We sold our house last year. (2017)  We now live in an apartment in a 'mixed use' development.  We just got too old and too many health problems to keep up a house as well as having almost priced ourself out of the neighborhood.

We've been here about nine months now.  My wife used to walk here after the stores opened so she would feel safe but I never felt much like walking though my doctors have been trying to get me to do that for umpteen years.  But, for the last six weeks or so I have been walking in the early morning most days.  Sometimes it is down to Panera Bread.  Some days just to the little performance/park area near us in the development.  

Sometimes I take my breakfast or lunch with me and sit on one of the benches in the shade and let my mind drift where it will.

This was one of those mornings when I only went to the park and sat for some time.  I was looking at the trees, the blue of the sky and the race betweem the upper altitude clouds and those lower.  It was a beautiful morning.  When I left the apartment it was 74 degrees.  There was a soft breeze blowing.  There were even several birds flitting around.  One in particular flew in and landed on an outstretched branch quite near me.  I sat there watching the bird, watching the sky behind it fading from blue to white to blue again and thinking.

Today (09/11/2018) I just sat there thinking.  I was thinking how perfect the morning was and all those people I loved who are no longer here to enjoy such days.  So many people who tried to live a good life, being health concious and all and still left this earth early.  While I've lived a mostly self-destructive life for the past 25+ years.  They're gone and I'm still here to enjoy a morning like this.  Makes no sense to me.  But that is reality.  Some facets of reality makes no sense to even the most gifted physicists.  

This has been a very bad year emotionally as I've lost (funny euphamism.  they died) too many people I cared for.  My brother, his brother-in-law, my youngest nephew and the woman who might (or might not) have been the mother of my youngest daughter.  I mourn them all deeply and cannot bring myself to realize they are all gone.  Forever.  Gone.

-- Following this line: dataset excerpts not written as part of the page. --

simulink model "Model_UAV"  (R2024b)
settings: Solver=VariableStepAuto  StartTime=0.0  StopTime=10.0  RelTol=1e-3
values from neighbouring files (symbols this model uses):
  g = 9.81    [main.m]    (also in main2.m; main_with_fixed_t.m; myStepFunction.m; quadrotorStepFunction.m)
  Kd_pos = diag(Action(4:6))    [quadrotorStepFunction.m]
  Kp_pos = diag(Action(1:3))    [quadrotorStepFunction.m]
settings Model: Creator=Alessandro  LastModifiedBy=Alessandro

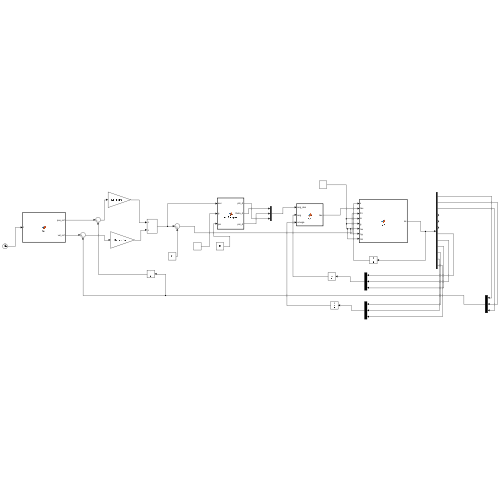
[thumbnail: Simulink's stored preview of the top-level diagram]
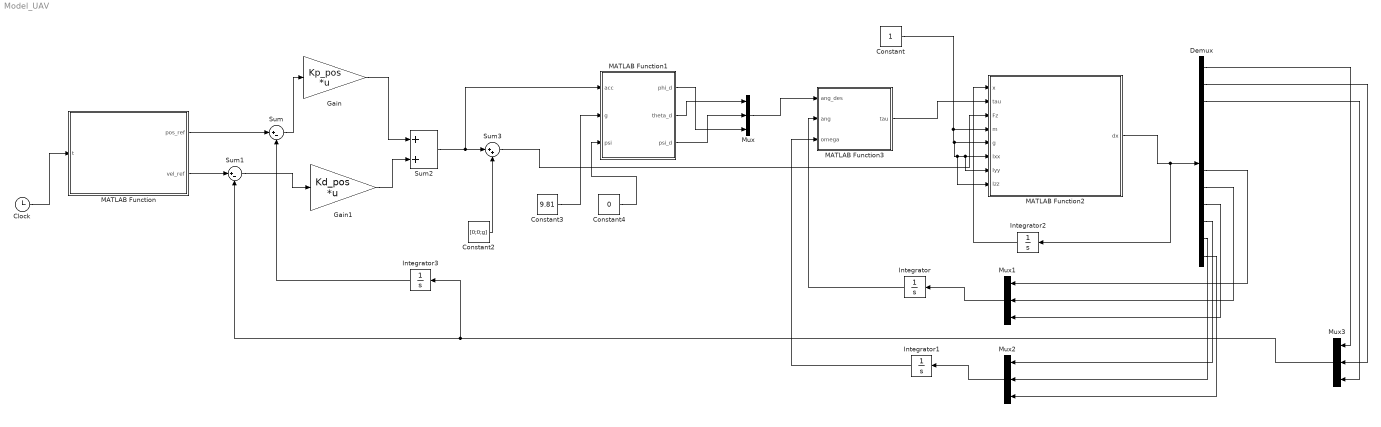
== system Model_UAV ==
  Clock : Clock
  Constant : Constant
  Constant2 : Constant  Value=[0;0;g]
  Constant3 : Constant  Value=9.81
  Constant4 : Constant  Value=0
  Demux : Demux  Outputs=12
  Gain : Gain  Gain=Kp_pos  Multiplication=Matrix(K*u)
  Gain1 : Gain  Gain=Kd_pos  Multiplication=Matrix(K*u)
  Integrator{,1..3} (4 alike) : Integrator
  MATLAB Function : MATLAB Function  TreatAsAtomicUnit=on
  MATLAB Function1 : MATLAB Function  TreatAsAtomicUnit=on
  MATLAB Function2 : MATLAB Function  TreatAsAtomicUnit=on
  MATLAB Function3 : MATLAB Function  TreatAsAtomicUnit=on
  Mux{,1..3} (4 alike) : Mux  Inputs=3
  Sum : Sum  Inputs=|+-
  Sum1 : Sum  Inputs=|+-
  Sum2 : Sum
  Sum3 : Sum  Inputs=|++
  wires:
  Clock/1 -> MATLAB Function/1(t)
  MATLAB Function/1(pos_ref) -> Sum/1
  Sum1/1 -> Gain1/1
  MATLAB Function/2(vel_ref) -> Sum1/1
  Sum/1 -> Gain/1
  Gain/1 -> Sum2/1
  Gain1/1 -> Sum2/2
  Sum2/1 -> MATLAB Function1/1(acc), Sum3/1
  Constant2/1 -> Sum3/2
  Constant3/1 -> MATLAB Function1/2(g)
  Constant4/1 -> MATLAB Function1/3(psi)
  MATLAB Function3/1(tau) -> MATLAB Function2/2(tau)
  MATLAB Function1/1(phi_d) -> Mux/3
  MATLAB Function1/2(theta_d) -> Mux/1
  MATLAB Function1/3(psi_d) -> Mux/2
  Mux/1 -> MATLAB Function3/1(ang_des)
  MATLAB Function2/1(dx) -> Integrator2/1, Demux/1
  Demux/7 -> Mux1/1
  Demux/8 -> Mux1/2
  Demux/9 -> Mux1/3
  Integrator/1 -> MATLAB Function3/2(ang)
  Mux1/1 -> Integrator/1
  Mux2/1 -> Integrator1/1
  Integrator1/1 -> MATLAB Function3/3(omega)
  Demux/10 -> Mux2/1
  Demux/11 -> Mux2/2
  Demux/12 -> Mux2/3
  Integrator2/1 -> MATLAB Function2/1(x)
  Demux/1 -> Mux3/1
  Demux/2 -> Mux3/2
  Demux/3 -> Mux3/3
  Mux3/1 -> Integrator3/1, Sum1/2
  Integrator3/1 -> Sum/2
  Sum3/1 -> MATLAB Function2/3(Fz)
  Constant/1 -> MATLAB Function2/8(Izz), MATLAB Function2/7(Iyy), MATLAB Function2/6(Ixx), MATLAB Function2/5(g), MATLAB Function2/4(m)

== matlab function Model_UAV/MATLAB Function1 ==
  data: acc input; phi_d output; g input; psi input; theta_d output; psi_d output
function [phi_d, theta_d, psi_d] = acc2angles(acc, g, psi)
    phi_d = (1/g)*(acc(1)*sin(psi) - acc(2)*cos(psi));
    theta_d = (1/g)*(acc(1)*cos(psi) + acc(2)*sin(psi));
    psi_d = 0;  % fissa
end

== matlab function Model_UAV/MATLAB Function ==
  data: t input; pos_ref output; vel_ref output
function [pos_ref, vel_ref] = fcn(t)
    if t < 5
        pos_ref = [2*t/5; 0; 2];
        vel_ref = [2/5; 0; 0];
    elseif t < 10
        pos_ref = [2; 2*(t-5)/5; 2];
        vel_ref = [0; 2/5; 0];
    else
        pos_ref = [2 - 2*(t-10)/5; 2; 2];
        vel_ref = [-2/5; 0; 0];
    end
end

== matlab function Model_UAV/MATLAB Function2 ==
  data: x input; dx output size=12; tau input; Fz input; m input; g input; Ixx input; Iyy input; Izz input
function dx = fcn(x, tau, Fz, m, g, Ixx, Iyy, Izz)
    pos = x(1:3); vel = x(4:6);
    phi = x(7); theta = x(8); psi = x(9);
    omega = x(10:12);

    % Rotazione
    R = eul2rotm([psi, theta, phi]);
    acc = (1/m)*(R * [0; 0; Fz]) - [0; 0; g];

    omega_dot = [ ...
        (tau(1) - (Iyy - Izz)*omega(2)*omega(3)) / Ixx;
        (tau(2) - (Izz - Ixx)*omega(1)*omega(3)) / Iyy;
        (tau(3) - (Ixx - Iyy)*omega(1)*omega(2)) / Izz ];

    % Derivate angoli
    phi_dot = omega(1) + tan(theta)*(omega(2)*sin(phi) + omega(3)*cos(phi));
    theta_dot = omega(2)*cos(phi) - omega(3)*sin(phi);
    psi_dot = (omega(2)*sin(phi) + omega(3)*cos(phi))/cos(theta);

    dx = zeros(12,1);
    dx(1:3) = vel;
    dx(4:6) = acc;
    dx(7) = phi_dot;
    dx(8) = theta_dot;
    dx(9) = psi_dot;
    dx(10:12) = omega_dot;
end

function R = eul2rotm(eul)
    psi = eul(1); theta = eul(2); phi = eul(3);
    Rz = [cos(psi) -sin(psi) 0; sin(psi) cos(psi) 0; 0 0 1];
    Ry = [cos(theta) 0 sin(theta); 0 1 0; -sin(theta) 0 cos(theta)];
    Rx = [1 0 0; 0 cos(phi) -sin(phi); 0 sin(phi) cos(phi)];
    R = Rz * Ry * Rx;
end

== matlab function Model_UAV/MATLAB Function3 ==
  data: ang_des input; tau output; ang input; omega input
function tau = fcn(ang_des, ang, omega)
    Kp_ang = diag([150, 150, 100]);
    Kd_ang = diag([50, 50, 30]);

    e_ang = ang_des - ang;
    e_omega = -omega;

    tau = Kp_ang * e_ang + Kd_ang * e_omega;
end

And before this year there are so many more who have passed on.  Some older which was expected but far too many who were younger.  So, I sat there watching the bird, the sky, the fast moving clouds and thought about all the people I cared about who were not able to enjoy a morning like this.  It is saddening, humbling and a mystery why I, who have been destroying myself for a quarter century am still here when so many who at least tried to live a healthy life are now gone.

I started counting them but there were so many I just stopped.  Being born to older parents and being the youngest I guess I should expect to have lost my older relatives but I've lost so many whom were so much younger.  

So very many people in my life I have cared about who no longer have the opportunity to enjoy A Morning Like This. 

Thursday, March 1, 2018

I Have No Idea What to Call This

Nothing jumps out at me.  I've tried to write out memories of my brother but I am finding no matter what I am thinking of it all leads back to him. 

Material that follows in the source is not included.